Pour moi, dans The Visitor, personne n’est soigné ni libéré. Simplement, l’aliénation est devenue jouissive, comme si elle n’avait pas disparu mais s’était érotisée (l’image du père qui baise les lettres des mots democracy et capitalism est sans doute l’exemple le plus frappant). Mais là encore, je manque peut-être d’optimisme — et je pense que l’une des forces du film est de rester ambigu sur ce qu’il raconte.
BLB : Oui, mes films sont toujours ambivalents. Je n’aurais jamais la prétention de faire une histoire dont la conclusion serait simplement une fin heureuse, où les gens seraient simplement libérés et laisseraient tous leurs bagages derrière eux. Mais je pense que mes films sont largement optimistes, ou du moins idéalistes en ce qui concerne la question révolutionnaire. Si on se fie à la conception de la révolution de Genet, ce qui compte n’est pas nécessairement la révolution comme aboutissement, mais le moment révolutionnaire. Dans cette logique, le plus important est toujours de remettre en question toute forme de réification de la volonté politique.
:: The Visitor (2024) [A/POLITICAL]
LP : Je vais terminer cet entretien par une confession. Je ne vais pas mentir, j’étais anxieuse à l’idée d’écrire ces questions et de te rencontrer pour te les poser. Pour moi, ton œuvre a cette tendance assez géniale à parodier à l’avance le discours critique et analytique qu’elle va générer (Super 8 ½ [1994] est sans doute l’exemple le plus frappant). J’ai d’ailleurs déjà écrit sur le fait qu’il est dur de parler de ton cinéma sans avoir l’impression d’être une caricature d’intello — une posture que tes films appellent et répudient en même temps. Avec The Visitor, quels étaient les discours conventionnels que tu voulais éviter, contrecarrer ? Y en avait-il ? Comment dirais-tu que cette dimension autoréflexive est intégrée dans ce film en particulier ?
BLB : Oui, j'ai l'habitude de faire ça (rires). Je pense que ça vient de mon parcours universitaire. Dans les années 1980, tout le discours était obsédé par les questions de postmodernité et de déconstructivisme.
The Visitor est un film très axé sur le processus, qui repose sur ce genre d'autoréflexivité dont tu parles, ces espèces de couches de mises à distance et de conscience critique autoréflexive.

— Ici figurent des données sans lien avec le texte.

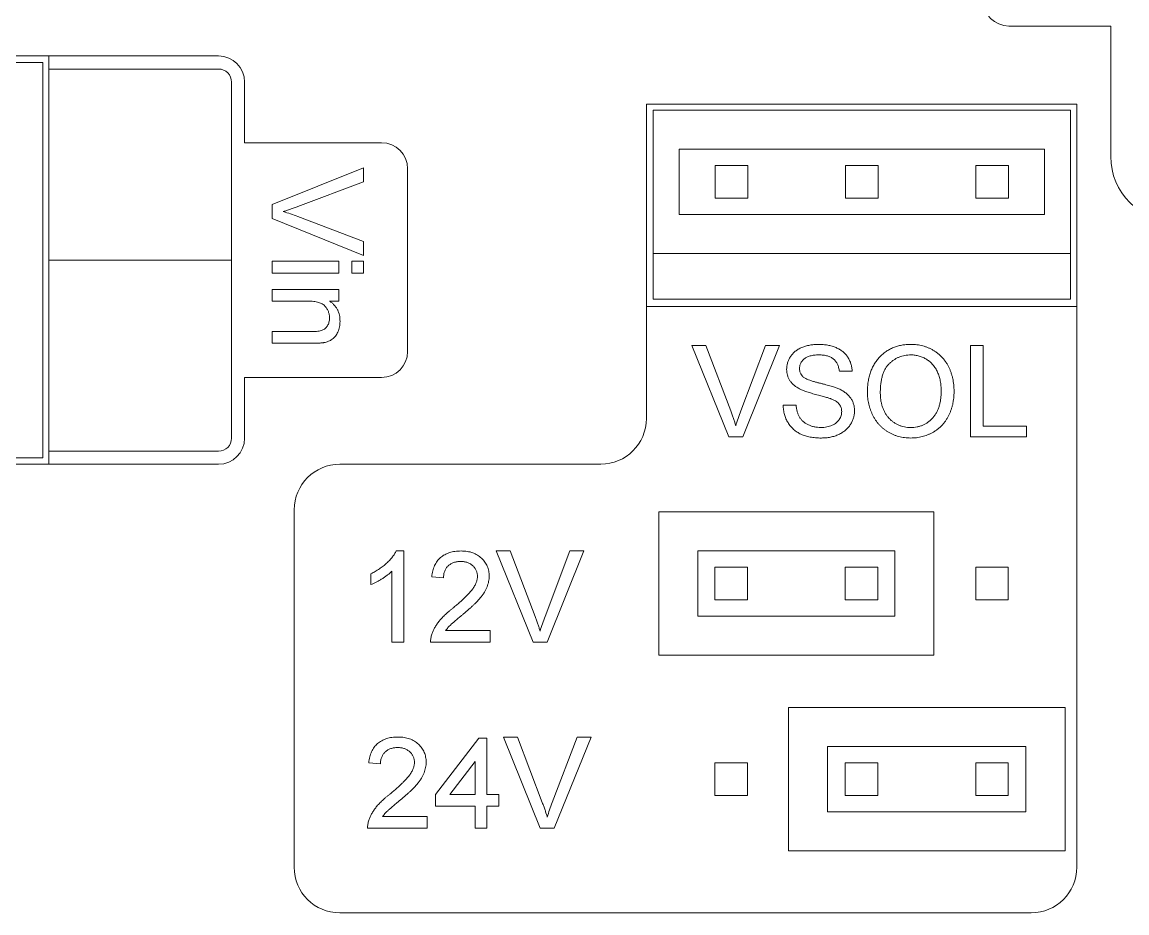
# Model space of a CAD drawing. Header units: inches. Extents: x 0.3 to 10.6, y 0.4 to 8.2.
# Drawn here: x 2.375 to 3.222, y 4.378 to 5.061 of the extents above; entities that cross this region are included whole.
import ezdxf

# ---------------------------------------------------------------- set-up
doc = ezdxf.new("R2010")
doc.units = ezdxf.units.IN
doc.header["$MEASUREMENT"] = 0

msp = doc.modelspace()

# ---------------------------------------------------------------- linework, layer by layer
at = {"color": 7, "linetype": 'Continuous', "lineweight": 15}
for p, q in [((3.13184, 5.05794), (3.20984, 5.05794)), ((3.20984, 5.05794), (3.20984, 4.95794)), ((2.05084, 5.03494), (2.39584, 5.03494)), ((2.52584, 5.03494), (2.39584, 5.03494)), ((2.39584, 5.03494), (2.39584, 5.02494)), ((2.39105, 5.03001), (2.31625, 5.03001)), ((2.39105, 4.72686), (2.39105, 5.03001)), ((2.52584, 5.02494), (2.39584, 5.02494)), ((2.39584, 5.02494), (2.39584, 4.87844)), ((2.53584, 4.87844), (2.53584, 5.01494)), ((2.54584, 4.96844), (2.54584, 5.01494)), ((3.18384, 4.99794), (2.85384, 4.99794)), ((2.85384, 4.99794), (2.85384, 4.84294)), ((3.18384, 4.84294), (3.18384, 4.99794)), ((2.85906, 4.99344), (3.17906, 4.99344)), ((2.85906, 4.84851), (2.85906, 4.99344)), ((3.17906, 4.99344), (3.17906, 4.84851)), ((2.65084, 4.96844), (2.54584, 4.96844)), ((2.87906, 4.96344), (2.87906, 4.91344)), ((3.15906, 4.96344), (2.87906, 4.96344)), ((3.15906, 4.91344), (3.15906, 4.96344)), ((2.56694, 4.92104), (2.63694, 4.94926)), ((2.63694, 4.94926), (2.63694, 4.93856)), ((2.67084, 4.80844), (2.67084, 4.94844)), ((2.93156, 4.95094), (2.90656, 4.95094)), ((2.90656, 4.95094), (2.90656, 4.92594)), ((2.93156, 4.92594), (2.93156, 4.95094)), ((3.03156, 4.95094), (3.00656, 4.95094)), ((3.00656, 4.95094), (3.00656, 4.92594)), ((3.03156, 4.92594), (3.03156, 4.95094)), ((3.10656, 4.95094), (3.10656, 4.92594)), ((3.13156, 4.95094), (3.10656, 4.95094)), ((3.13156, 4.92594), (3.13156, 4.95094)), ((2.63694, 4.93856), (2.58677, 4.91952)), ((2.90656, 4.92594), (2.93156, 4.92594)), ((3.00656, 4.92594), (3.03156, 4.92594)), ((3.10656, 4.92594), (3.13156, 4.92594)), ((2.56694, 4.91034), (2.56694, 4.92104)), ((2.87906, 4.91344), (3.15906, 4.91344)), ((2.63694, 4.8821), (2.56694, 4.91034)), ((2.58677, 4.91188), (2.63694, 4.89279)), ((2.63694, 4.89279), (2.63694, 4.8821)), ((2.85906, 4.88344), (3.17906, 4.88344)), ((2.53584, 4.87844), (2.39584, 4.87844)), ((2.39584, 4.87844), (2.39584, 4.73194)), ((2.53584, 4.74194), (2.53584, 4.87844)), ((2.56694, 4.86856), (2.56694, 4.87754)), ((2.56694, 4.87754), (2.6181, 4.87754)), ((2.6181, 4.87754), (2.6181, 4.86856)), ((2.62797, 4.87754), (2.63694, 4.87754)), ((2.62797, 4.86856), (2.62797, 4.87754)), ((2.63694, 4.87754), (2.63694, 4.86856)), ((2.6181, 4.86856), (2.56694, 4.86856)), ((2.63694, 4.86856), (2.62797, 4.86856)), ((2.56694, 4.84703), (2.56694, 4.856)), ((2.56694, 4.856), (2.6181, 4.856)), ((2.6181, 4.856), (2.6181, 4.84703)), ((2.59437, 4.84703), (2.56694, 4.84703)), ((2.6181, 4.84703), (2.61096, 4.84703)), ((2.85906, 4.84851), (3.17906, 4.84851)), ((2.85384, 4.84294), (2.85384, 4.75694)), ((3.18384, 4.84294), (2.85384, 4.84294)), ((3.18384, 4.41294), (3.18384, 4.84294)), ((2.56694, 4.81472), (2.56694, 4.82369)), ((2.56694, 4.82369), (2.59749, 4.82369)), ((2.59824, 4.81472), (2.56694, 4.81472)), ((2.91701, 4.74294), (2.88879, 4.81294)), ((2.88879, 4.81294), (2.89948, 4.81294)), ((2.89948, 4.81294), (2.91853, 4.76276)), ((2.92617, 4.76276), (2.94525, 4.81294)), ((2.95595, 4.81294), (2.92771, 4.74294)), ((2.94525, 4.81294), (2.95595, 4.81294)), ((3.10231, 4.74294), (3.10231, 4.81294)), ((3.10231, 4.81294), (3.11218, 4.81294)), ((3.11218, 4.81294), (3.11218, 4.75101)), ((2.54584, 4.78844), (2.65084, 4.78844)), ((2.54584, 4.74194), (2.54584, 4.78844)), ((3.01166, 4.79319), (3.00179, 4.79319)), ((2.95872, 4.76717), (2.96859, 4.76717)), ((3.11218, 4.75101), (3.14538, 4.75101)), ((3.14538, 4.75101), (3.14538, 4.74294)), ((2.92771, 4.74294), (2.91701, 4.74294)), ((3.14538, 4.74294), (3.10231, 4.74294)), ((2.39105, 4.72686), (2.31625, 4.72686)), ((2.39584, 4.73194), (2.52584, 4.73194)), ((2.39584, 4.73194), (2.39584, 4.72194)), ((2.39584, 4.72194), (2.05084, 4.72194)), ((2.39584, 4.72194), (2.52584, 4.72194)), ((2.81884, 4.72194), (2.61884, 4.72194)), ((2.58384, 4.68694), (2.58384, 4.41294)), ((2.86334, 4.68544), (2.86334, 4.57544)), ((3.07434, 4.68544), (2.86334, 4.68544)), ((3.07434, 4.57544), (3.07434, 4.68544)), ((2.66203, 4.65544), (2.66781, 4.65544)), ((2.66781, 4.65544), (2.66781, 4.58544)), ((2.767, 4.58544), (2.73877, 4.65544)), ((2.73877, 4.65544), (2.74947, 4.65544)), ((2.74947, 4.65544), (2.76852, 4.60526)), ((2.77616, 4.60526), (2.79524, 4.65544)), ((2.80594, 4.65544), (2.7777, 4.58544)), ((2.79524, 4.65544), (2.80594, 4.65544)), ((3.04434, 4.65544), (2.89334, 4.65544)), ((2.89334, 4.65544), (2.89334, 4.60544)), ((3.04434, 4.60544), (3.04434, 4.65544)), ((2.93134, 4.64294), (2.90634, 4.64294)), ((2.90634, 4.64294), (2.90634, 4.61794)), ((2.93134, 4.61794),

Pour moi, c’était une partie importante du processus. J’ignore si c’est perceptible ou non dans le résultat final.
J'ai moi-même eu du mal avec le film tout au long de sa confection et je ne savais même pas pour qui je le faisais. Je n’ai pas cessé de me demander : est-ce réellement un film ? Est-ce que ça va être considéré avec sérieux comme du cinéma, ou est-ce que ça n'a de sens que dans un contexte artistique ? Est-ce même du vrai porno ?
Je me retrouve exactement dans la même position que d’habitude, à savoir dans les marges d’à peu près tout, en train d’effectuer un travail destiné à personne. Mais comme je l'ai dit au départ, je pense que je me suis taillé une niche et que ça me permet de faire des choses ambiguës et ambivalentes qui ont même la possibilité de plaire à un public plus élargi. C’est un endroit intéressant à partir duquel travailler, celui où on s'attend toujours à ce que mon travail soit déroutant pour les gens.